Das mit dem Spannungsregler klingt doch schon ganz gut. Ich benötige auch nur einen Bereich von 10-24V.
Gibts vielleicht einen kleinen Stromlaufplan dazu?

Gruß


----------



## vierlagig (29 September 2008)

0-10V auf 10-20V - such mal nach boost-converter bzw. hochsetzsteller


----------



## jabba (29 September 2008)

hab da gerade so nee Idee .

Wenn's nicht unbedingt bis 24V gehen muss, sieh mal nach , welche Bürde die Analogausgangskarte von Beckhoff kann, und eventuell den übersteuerungsbereich.

ein 1200 Ohm Widerstand würde 24V bringen (Theorie) , da die Baugruppe Spannung braucht geht das also nicht, eher maximal 20V bei 1000Ohm, das würde dann nur ein paar Cent kosten.


----------



## Toddy80 (30 September 2008)

Bürde: < 500 Ω


----------



## Toddy80 (30 September 2008)

Was ist denn wenn ich eine Klemme mit 2 Ausgängen -10...10V verwende?
Würde dann den ersten Ausgang auf -10V stellen und mit dem anderen die Spannung bis auf 20V hochfahren. 

Beckhoff KL4132

Gruß


----------



## Onkel Dagobert (30 September 2008)

Da die KL4132 potenzialgetrennt ist, könnte das gehen. Mit einer Zenerdiode in Reihe sollte damit auch ein Bereich von 4..24V machbar sein. Es darf nur nicht zum Industriestandard werden  .


Gruß, Onkel


----------



## reini_145 (30 September 2008)

*Aufwaertswandler*

Hallo, wenn du mit OP umgehen kannst ist diese Aufgabe rel. leicht.
Also das billigste ist eine kleine Schaltung mit einem OP 741, ca 50 Cent,
und eine Widerstandsbeschaltung von 1/2,4 und eine Versorgungsspannung von ca 30VDc und die Schaltung ist fertig. Der Ausgang 0-10 V an den pos. Eingang des OP und heraus kommt eine Spannung von 0-24 V. Fertig.
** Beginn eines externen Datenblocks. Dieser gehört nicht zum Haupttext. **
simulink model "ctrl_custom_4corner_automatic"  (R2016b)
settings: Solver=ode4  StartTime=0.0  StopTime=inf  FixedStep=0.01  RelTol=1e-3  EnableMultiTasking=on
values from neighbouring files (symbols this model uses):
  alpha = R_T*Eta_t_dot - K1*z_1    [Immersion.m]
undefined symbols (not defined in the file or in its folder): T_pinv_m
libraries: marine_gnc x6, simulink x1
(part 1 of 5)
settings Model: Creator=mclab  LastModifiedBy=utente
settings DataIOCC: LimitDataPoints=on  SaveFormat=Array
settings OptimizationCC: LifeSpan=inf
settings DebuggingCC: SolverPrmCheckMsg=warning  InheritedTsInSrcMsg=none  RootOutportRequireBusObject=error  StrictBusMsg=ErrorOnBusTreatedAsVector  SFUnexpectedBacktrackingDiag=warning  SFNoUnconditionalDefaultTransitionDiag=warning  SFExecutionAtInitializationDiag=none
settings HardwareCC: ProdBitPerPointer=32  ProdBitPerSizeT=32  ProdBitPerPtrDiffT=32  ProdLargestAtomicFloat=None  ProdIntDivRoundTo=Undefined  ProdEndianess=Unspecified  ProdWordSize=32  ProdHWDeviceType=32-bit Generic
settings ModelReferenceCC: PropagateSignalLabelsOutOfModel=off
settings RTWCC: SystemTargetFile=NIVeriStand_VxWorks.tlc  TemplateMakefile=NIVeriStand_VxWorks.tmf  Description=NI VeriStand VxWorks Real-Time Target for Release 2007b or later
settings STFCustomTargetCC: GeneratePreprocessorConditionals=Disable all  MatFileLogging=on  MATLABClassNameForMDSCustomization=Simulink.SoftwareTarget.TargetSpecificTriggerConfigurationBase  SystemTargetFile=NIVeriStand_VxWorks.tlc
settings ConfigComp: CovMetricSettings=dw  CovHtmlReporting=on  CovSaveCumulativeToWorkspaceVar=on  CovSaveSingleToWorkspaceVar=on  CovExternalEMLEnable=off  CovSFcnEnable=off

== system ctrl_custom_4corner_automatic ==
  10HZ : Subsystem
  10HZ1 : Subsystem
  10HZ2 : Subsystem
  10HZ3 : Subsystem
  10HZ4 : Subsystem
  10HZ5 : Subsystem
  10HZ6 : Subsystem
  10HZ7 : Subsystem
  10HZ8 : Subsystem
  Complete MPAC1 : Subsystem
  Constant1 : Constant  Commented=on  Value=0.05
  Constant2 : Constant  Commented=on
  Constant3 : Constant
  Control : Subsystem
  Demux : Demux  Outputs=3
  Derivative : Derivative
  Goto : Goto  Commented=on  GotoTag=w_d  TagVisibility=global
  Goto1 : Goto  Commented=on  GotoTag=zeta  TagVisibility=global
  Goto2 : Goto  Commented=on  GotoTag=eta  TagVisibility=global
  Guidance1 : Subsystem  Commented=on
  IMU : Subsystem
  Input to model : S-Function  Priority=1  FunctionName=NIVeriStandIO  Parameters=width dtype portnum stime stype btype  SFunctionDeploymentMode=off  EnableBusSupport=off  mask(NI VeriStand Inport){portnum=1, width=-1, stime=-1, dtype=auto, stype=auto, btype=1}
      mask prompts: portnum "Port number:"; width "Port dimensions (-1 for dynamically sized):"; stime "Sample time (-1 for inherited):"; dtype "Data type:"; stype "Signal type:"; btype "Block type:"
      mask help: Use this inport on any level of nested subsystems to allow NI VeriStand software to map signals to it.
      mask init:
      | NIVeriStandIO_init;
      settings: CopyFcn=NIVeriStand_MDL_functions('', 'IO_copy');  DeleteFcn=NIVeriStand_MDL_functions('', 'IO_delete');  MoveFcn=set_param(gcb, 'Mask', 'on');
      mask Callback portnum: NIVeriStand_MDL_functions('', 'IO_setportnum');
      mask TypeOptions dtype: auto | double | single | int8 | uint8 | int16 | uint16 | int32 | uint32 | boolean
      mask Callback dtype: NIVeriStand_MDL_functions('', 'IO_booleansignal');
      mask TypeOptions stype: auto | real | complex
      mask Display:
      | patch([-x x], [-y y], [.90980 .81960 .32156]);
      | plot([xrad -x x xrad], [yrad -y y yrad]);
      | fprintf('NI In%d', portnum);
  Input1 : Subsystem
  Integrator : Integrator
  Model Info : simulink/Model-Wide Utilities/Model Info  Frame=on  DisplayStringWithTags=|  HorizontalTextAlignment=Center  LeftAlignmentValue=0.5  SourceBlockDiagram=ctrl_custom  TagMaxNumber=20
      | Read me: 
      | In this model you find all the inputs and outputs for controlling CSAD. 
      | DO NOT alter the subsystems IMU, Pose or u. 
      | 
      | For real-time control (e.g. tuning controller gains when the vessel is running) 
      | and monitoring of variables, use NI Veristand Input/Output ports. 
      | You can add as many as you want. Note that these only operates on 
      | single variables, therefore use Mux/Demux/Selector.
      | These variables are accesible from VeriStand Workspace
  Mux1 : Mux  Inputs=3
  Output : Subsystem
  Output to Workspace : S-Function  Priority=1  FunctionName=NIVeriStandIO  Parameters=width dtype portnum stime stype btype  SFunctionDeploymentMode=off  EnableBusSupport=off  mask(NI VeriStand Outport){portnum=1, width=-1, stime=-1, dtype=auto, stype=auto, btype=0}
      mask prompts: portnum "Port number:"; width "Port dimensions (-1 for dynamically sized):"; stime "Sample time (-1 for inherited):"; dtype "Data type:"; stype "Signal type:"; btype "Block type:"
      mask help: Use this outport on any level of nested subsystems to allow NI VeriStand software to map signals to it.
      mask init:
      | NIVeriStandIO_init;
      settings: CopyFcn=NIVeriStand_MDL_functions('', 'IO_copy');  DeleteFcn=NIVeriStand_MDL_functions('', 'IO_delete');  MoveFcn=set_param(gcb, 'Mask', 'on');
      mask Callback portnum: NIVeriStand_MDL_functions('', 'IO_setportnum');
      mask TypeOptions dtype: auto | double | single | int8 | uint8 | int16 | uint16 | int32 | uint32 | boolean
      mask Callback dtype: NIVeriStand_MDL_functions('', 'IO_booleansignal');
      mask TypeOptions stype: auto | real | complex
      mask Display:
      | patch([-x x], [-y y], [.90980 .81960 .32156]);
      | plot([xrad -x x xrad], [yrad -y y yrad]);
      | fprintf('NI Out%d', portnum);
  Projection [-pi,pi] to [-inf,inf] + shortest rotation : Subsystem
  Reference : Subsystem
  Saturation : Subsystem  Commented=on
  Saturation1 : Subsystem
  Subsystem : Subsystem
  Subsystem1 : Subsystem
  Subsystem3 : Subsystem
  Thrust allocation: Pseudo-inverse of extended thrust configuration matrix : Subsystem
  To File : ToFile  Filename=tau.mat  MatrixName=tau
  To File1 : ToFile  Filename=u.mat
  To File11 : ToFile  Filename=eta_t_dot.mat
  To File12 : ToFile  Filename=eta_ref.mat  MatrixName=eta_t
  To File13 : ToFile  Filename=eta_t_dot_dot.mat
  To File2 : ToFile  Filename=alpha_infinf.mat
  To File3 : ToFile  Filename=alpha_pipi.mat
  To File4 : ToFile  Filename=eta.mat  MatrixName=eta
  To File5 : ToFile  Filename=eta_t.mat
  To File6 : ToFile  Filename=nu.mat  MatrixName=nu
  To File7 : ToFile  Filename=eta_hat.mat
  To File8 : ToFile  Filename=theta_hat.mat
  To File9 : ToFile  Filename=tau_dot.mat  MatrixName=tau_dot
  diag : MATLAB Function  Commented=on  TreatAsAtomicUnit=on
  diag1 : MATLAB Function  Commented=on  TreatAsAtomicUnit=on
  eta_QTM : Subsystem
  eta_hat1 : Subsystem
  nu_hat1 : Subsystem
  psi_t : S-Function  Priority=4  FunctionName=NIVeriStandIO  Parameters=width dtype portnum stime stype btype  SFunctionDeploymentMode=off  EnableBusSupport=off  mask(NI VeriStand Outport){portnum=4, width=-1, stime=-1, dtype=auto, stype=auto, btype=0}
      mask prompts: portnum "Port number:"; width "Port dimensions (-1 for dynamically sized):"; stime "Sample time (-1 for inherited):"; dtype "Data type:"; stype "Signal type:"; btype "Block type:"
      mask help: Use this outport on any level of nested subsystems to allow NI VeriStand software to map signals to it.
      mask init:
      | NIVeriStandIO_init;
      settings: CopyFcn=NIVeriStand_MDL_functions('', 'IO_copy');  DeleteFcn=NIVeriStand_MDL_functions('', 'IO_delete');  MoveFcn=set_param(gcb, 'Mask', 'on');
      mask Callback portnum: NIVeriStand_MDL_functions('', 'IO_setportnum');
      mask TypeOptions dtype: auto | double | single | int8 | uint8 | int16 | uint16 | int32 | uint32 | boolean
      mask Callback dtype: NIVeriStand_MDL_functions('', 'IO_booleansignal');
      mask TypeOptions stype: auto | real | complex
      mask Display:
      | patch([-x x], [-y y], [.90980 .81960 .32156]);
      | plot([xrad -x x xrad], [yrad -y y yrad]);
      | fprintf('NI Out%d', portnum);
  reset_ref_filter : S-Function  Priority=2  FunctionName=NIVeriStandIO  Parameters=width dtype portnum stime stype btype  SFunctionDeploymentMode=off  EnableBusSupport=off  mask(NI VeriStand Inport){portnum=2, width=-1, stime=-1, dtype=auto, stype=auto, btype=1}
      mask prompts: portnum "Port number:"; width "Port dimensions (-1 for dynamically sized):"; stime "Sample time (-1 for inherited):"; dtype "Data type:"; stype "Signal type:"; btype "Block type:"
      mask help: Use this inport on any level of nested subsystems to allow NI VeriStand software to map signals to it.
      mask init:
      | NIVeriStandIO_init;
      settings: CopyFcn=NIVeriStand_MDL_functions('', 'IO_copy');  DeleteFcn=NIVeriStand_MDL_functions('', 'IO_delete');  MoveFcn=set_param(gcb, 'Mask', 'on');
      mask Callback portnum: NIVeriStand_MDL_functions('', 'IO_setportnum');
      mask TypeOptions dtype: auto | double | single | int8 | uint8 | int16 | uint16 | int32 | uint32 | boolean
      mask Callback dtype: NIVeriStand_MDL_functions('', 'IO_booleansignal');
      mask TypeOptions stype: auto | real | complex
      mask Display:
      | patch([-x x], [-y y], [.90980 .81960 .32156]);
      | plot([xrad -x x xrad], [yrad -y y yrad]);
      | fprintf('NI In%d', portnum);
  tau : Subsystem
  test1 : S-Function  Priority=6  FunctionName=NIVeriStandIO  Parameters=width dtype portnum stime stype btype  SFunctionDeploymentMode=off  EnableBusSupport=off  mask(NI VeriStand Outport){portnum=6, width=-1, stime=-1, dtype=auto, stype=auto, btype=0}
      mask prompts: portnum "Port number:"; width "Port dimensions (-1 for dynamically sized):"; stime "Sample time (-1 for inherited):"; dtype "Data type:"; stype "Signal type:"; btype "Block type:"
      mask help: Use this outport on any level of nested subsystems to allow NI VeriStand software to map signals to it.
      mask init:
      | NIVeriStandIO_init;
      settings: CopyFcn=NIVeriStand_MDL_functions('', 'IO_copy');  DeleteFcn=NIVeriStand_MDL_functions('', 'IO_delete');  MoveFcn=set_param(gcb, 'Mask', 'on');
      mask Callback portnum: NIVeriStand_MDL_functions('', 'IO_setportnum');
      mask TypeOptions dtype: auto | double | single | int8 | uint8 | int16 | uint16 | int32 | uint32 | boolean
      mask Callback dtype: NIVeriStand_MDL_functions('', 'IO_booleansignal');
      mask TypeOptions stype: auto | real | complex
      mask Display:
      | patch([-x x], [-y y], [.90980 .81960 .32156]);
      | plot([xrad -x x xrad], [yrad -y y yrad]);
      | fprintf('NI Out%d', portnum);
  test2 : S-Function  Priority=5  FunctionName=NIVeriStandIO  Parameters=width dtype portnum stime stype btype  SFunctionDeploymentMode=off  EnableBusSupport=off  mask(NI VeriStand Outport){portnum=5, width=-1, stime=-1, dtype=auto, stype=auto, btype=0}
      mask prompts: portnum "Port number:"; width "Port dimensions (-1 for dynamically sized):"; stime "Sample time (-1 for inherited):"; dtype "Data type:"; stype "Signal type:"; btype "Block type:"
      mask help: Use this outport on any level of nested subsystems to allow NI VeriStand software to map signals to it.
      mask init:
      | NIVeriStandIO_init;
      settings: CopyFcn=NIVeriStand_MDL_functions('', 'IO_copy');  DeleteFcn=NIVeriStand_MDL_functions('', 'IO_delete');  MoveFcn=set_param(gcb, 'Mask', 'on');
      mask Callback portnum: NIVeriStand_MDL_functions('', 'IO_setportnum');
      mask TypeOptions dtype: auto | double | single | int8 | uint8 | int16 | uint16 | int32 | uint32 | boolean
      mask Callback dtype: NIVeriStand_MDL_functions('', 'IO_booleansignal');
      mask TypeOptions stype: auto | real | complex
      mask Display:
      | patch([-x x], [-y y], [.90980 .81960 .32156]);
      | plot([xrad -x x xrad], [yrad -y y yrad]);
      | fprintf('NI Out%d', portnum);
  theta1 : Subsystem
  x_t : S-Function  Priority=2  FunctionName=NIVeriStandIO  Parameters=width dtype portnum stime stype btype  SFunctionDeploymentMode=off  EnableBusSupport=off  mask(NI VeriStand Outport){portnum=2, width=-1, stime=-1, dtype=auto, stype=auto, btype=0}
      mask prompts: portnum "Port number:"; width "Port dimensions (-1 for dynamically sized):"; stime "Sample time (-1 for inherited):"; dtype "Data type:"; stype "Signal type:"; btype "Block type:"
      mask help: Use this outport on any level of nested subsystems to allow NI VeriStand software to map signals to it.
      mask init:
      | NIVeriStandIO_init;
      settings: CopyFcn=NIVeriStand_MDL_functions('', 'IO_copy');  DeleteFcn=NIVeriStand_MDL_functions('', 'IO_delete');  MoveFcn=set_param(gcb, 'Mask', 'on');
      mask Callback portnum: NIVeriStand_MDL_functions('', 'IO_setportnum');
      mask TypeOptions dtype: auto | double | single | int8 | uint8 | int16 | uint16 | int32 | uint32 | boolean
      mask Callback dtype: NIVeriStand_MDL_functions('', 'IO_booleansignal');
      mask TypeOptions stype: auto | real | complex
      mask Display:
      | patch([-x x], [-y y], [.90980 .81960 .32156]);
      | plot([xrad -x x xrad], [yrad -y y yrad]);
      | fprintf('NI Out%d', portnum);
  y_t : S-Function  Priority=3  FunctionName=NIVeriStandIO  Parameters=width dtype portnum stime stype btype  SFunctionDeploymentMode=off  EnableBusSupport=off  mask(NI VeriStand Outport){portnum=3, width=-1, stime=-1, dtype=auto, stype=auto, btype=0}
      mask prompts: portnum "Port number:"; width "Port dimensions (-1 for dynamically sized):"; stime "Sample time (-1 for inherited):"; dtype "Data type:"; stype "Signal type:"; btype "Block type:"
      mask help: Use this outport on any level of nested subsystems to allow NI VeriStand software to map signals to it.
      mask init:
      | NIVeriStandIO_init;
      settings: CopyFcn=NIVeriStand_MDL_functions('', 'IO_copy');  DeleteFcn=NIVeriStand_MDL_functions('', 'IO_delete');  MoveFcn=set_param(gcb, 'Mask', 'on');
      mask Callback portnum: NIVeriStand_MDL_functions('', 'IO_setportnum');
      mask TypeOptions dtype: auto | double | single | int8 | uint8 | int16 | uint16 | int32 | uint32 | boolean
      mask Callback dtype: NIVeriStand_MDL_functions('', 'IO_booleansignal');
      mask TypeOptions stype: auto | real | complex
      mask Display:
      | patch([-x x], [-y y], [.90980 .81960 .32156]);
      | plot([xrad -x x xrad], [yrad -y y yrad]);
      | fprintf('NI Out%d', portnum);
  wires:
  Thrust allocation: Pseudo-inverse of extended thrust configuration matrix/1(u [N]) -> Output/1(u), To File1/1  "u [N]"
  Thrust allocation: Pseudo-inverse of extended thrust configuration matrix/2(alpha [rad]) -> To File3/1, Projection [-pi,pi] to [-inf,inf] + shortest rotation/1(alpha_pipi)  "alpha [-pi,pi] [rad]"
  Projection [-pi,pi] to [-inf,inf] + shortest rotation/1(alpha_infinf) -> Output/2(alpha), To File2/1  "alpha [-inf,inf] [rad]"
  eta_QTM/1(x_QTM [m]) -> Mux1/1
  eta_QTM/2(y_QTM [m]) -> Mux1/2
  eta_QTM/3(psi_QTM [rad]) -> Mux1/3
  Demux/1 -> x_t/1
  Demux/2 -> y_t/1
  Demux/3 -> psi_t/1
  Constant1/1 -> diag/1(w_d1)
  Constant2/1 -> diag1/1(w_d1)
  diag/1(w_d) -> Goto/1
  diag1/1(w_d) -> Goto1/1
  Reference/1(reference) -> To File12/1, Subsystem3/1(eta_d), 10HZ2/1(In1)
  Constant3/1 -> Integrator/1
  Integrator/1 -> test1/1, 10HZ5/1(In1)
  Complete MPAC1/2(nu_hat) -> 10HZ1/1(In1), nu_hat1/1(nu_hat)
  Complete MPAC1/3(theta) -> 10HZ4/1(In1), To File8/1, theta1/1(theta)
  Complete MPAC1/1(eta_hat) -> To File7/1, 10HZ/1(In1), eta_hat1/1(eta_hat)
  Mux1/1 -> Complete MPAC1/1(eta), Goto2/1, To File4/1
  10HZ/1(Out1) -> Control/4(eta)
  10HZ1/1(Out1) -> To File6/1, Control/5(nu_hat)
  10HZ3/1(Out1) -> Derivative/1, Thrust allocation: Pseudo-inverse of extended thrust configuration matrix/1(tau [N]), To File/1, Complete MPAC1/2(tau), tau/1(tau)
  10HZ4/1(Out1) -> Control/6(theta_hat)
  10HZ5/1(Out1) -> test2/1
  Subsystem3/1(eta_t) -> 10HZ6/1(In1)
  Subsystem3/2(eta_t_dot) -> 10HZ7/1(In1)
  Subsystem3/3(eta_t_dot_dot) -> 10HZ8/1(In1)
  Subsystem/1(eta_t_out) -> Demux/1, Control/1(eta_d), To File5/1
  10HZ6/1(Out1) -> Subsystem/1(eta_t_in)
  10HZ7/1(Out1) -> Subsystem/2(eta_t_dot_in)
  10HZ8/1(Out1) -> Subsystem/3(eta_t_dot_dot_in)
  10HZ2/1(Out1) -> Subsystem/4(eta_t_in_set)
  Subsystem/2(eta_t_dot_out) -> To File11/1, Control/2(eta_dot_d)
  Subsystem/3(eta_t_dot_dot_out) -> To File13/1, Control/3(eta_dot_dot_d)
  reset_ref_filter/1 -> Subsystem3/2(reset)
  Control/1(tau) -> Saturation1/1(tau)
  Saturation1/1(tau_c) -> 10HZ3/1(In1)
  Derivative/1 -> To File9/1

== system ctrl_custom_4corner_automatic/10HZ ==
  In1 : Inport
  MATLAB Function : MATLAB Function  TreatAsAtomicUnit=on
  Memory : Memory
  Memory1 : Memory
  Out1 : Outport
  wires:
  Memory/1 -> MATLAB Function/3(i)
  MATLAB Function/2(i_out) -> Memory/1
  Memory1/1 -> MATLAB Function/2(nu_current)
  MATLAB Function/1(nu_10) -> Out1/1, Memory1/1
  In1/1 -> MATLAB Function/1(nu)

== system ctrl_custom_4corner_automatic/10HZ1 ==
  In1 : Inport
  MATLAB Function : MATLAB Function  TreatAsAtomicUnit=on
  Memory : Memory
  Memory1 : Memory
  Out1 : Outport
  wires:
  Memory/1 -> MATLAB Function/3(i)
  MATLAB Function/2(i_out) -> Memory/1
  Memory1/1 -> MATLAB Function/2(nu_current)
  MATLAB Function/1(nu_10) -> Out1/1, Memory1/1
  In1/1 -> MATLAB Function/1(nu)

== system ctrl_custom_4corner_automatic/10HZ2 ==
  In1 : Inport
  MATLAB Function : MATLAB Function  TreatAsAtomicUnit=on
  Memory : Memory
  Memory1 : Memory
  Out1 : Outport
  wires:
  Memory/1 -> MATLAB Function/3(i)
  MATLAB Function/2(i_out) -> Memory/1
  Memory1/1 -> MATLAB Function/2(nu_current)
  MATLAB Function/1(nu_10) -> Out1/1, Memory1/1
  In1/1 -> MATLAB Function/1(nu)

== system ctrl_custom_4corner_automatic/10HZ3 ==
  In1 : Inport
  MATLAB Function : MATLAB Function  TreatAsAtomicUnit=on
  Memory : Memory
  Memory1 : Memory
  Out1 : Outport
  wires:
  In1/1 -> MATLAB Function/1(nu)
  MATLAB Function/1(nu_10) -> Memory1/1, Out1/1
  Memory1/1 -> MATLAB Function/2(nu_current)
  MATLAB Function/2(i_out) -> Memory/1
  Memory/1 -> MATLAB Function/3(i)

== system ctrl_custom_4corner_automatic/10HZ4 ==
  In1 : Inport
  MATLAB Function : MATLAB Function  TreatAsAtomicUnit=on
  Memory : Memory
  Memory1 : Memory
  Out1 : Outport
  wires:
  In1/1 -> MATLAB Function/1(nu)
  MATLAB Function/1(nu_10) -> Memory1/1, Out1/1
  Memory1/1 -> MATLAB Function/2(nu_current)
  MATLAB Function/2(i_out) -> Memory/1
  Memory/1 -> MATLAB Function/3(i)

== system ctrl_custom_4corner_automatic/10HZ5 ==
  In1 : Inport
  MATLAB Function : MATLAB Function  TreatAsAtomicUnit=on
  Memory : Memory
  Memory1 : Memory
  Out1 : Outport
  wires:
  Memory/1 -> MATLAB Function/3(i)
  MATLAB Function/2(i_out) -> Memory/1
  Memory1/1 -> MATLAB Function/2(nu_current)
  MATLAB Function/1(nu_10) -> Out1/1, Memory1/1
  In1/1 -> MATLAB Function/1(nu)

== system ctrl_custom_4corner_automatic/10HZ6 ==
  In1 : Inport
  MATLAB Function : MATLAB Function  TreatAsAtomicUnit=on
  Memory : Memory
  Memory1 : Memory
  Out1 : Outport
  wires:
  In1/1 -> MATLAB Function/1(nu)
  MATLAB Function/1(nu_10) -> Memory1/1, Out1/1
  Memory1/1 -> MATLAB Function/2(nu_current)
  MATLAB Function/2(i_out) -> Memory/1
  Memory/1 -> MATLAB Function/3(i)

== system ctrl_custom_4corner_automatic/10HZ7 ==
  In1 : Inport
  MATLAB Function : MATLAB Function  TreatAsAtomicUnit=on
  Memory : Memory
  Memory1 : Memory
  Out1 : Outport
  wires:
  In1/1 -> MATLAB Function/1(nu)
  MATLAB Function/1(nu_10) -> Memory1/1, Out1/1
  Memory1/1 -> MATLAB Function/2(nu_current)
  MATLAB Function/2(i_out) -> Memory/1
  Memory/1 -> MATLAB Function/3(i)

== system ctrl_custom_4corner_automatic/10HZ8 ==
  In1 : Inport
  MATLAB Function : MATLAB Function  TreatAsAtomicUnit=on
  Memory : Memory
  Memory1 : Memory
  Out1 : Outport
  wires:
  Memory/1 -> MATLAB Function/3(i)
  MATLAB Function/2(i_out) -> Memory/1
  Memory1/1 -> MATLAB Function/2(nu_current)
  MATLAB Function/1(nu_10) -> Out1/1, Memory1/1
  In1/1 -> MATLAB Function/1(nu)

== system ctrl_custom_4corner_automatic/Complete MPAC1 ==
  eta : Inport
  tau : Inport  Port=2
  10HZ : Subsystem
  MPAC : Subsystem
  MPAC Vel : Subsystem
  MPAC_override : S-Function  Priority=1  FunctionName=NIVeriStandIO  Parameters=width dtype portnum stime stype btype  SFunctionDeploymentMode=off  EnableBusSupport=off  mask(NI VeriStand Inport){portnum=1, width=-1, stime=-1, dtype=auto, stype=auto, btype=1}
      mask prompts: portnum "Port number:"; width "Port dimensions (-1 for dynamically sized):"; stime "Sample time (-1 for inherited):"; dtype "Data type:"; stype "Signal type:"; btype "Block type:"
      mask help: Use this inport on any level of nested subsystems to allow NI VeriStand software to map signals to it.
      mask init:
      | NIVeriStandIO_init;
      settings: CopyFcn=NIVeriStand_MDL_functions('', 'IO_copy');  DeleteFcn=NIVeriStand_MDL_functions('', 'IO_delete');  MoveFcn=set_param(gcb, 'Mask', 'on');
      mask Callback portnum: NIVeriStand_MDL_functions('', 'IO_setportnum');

Fass dir das mal ins Auge,

gruss Reini


----------



## Tiktal (3 November 2017)

Hoffe ich werde nicht verprügelt das ich eine so alte Threat-Leiche wieder ausbuddel, aber es passt einfach so gut.

Ich möchte ebenfalls meine Heizung über einen analogen Ausgang steuern. Es handelt sich um eine WAGO 750-559 Klemme.

Kann mich da mal jemand in die richtige Richtung schubsen? Elektronik ist nun wirklich nicht meine Stärke...

Die Heizung hat bei ca. 8V Eingang 3Grad Soll-Vorlauftemperatur, bei 18V liegen wir irgendwo bei 80Grad. 
Brauche also irgendwas zwischen 8-18V an der Therme. Wenns nun 10-20V, oder 10-17V sind, spielt das auch keine Rolle.
Die Vorlauftemperatur wird sich in einem Bereich von 30-60Grad abspielen.

Vielen Dank vorab.

Gruß

Onno


----------



## hicom500 (4 November 2017)

So was macht man mit einer kleinen OP Schaltung. Genauer hier: OP mit einer Verstärkung von 2.
Damit werden hier aus 0..10V 0..20V.

Google mal nach: OP als nichtinvertierender Verstärker

Gruß
Jürgen


----------



## Tiktal (4 November 2017)

Hallo Jürgen,
also den OPs war ich bereits auf der Spur, leider muss ich sagen das ich meist an den Datenblätter der Dinger gescheitert bin.
Habe nie die Angabe der Verstärkung gefunden.
Vielleicht einfach nur das falsche gefunden...

Ich schau nochmal.
Danke

Onno


----------



## Senator42 (5 November 2017)

Die Verstärkung wird durch Widerstände eingestellt.
Daher auch "Google mal nach: OP als nichtinvertierender Verstärker"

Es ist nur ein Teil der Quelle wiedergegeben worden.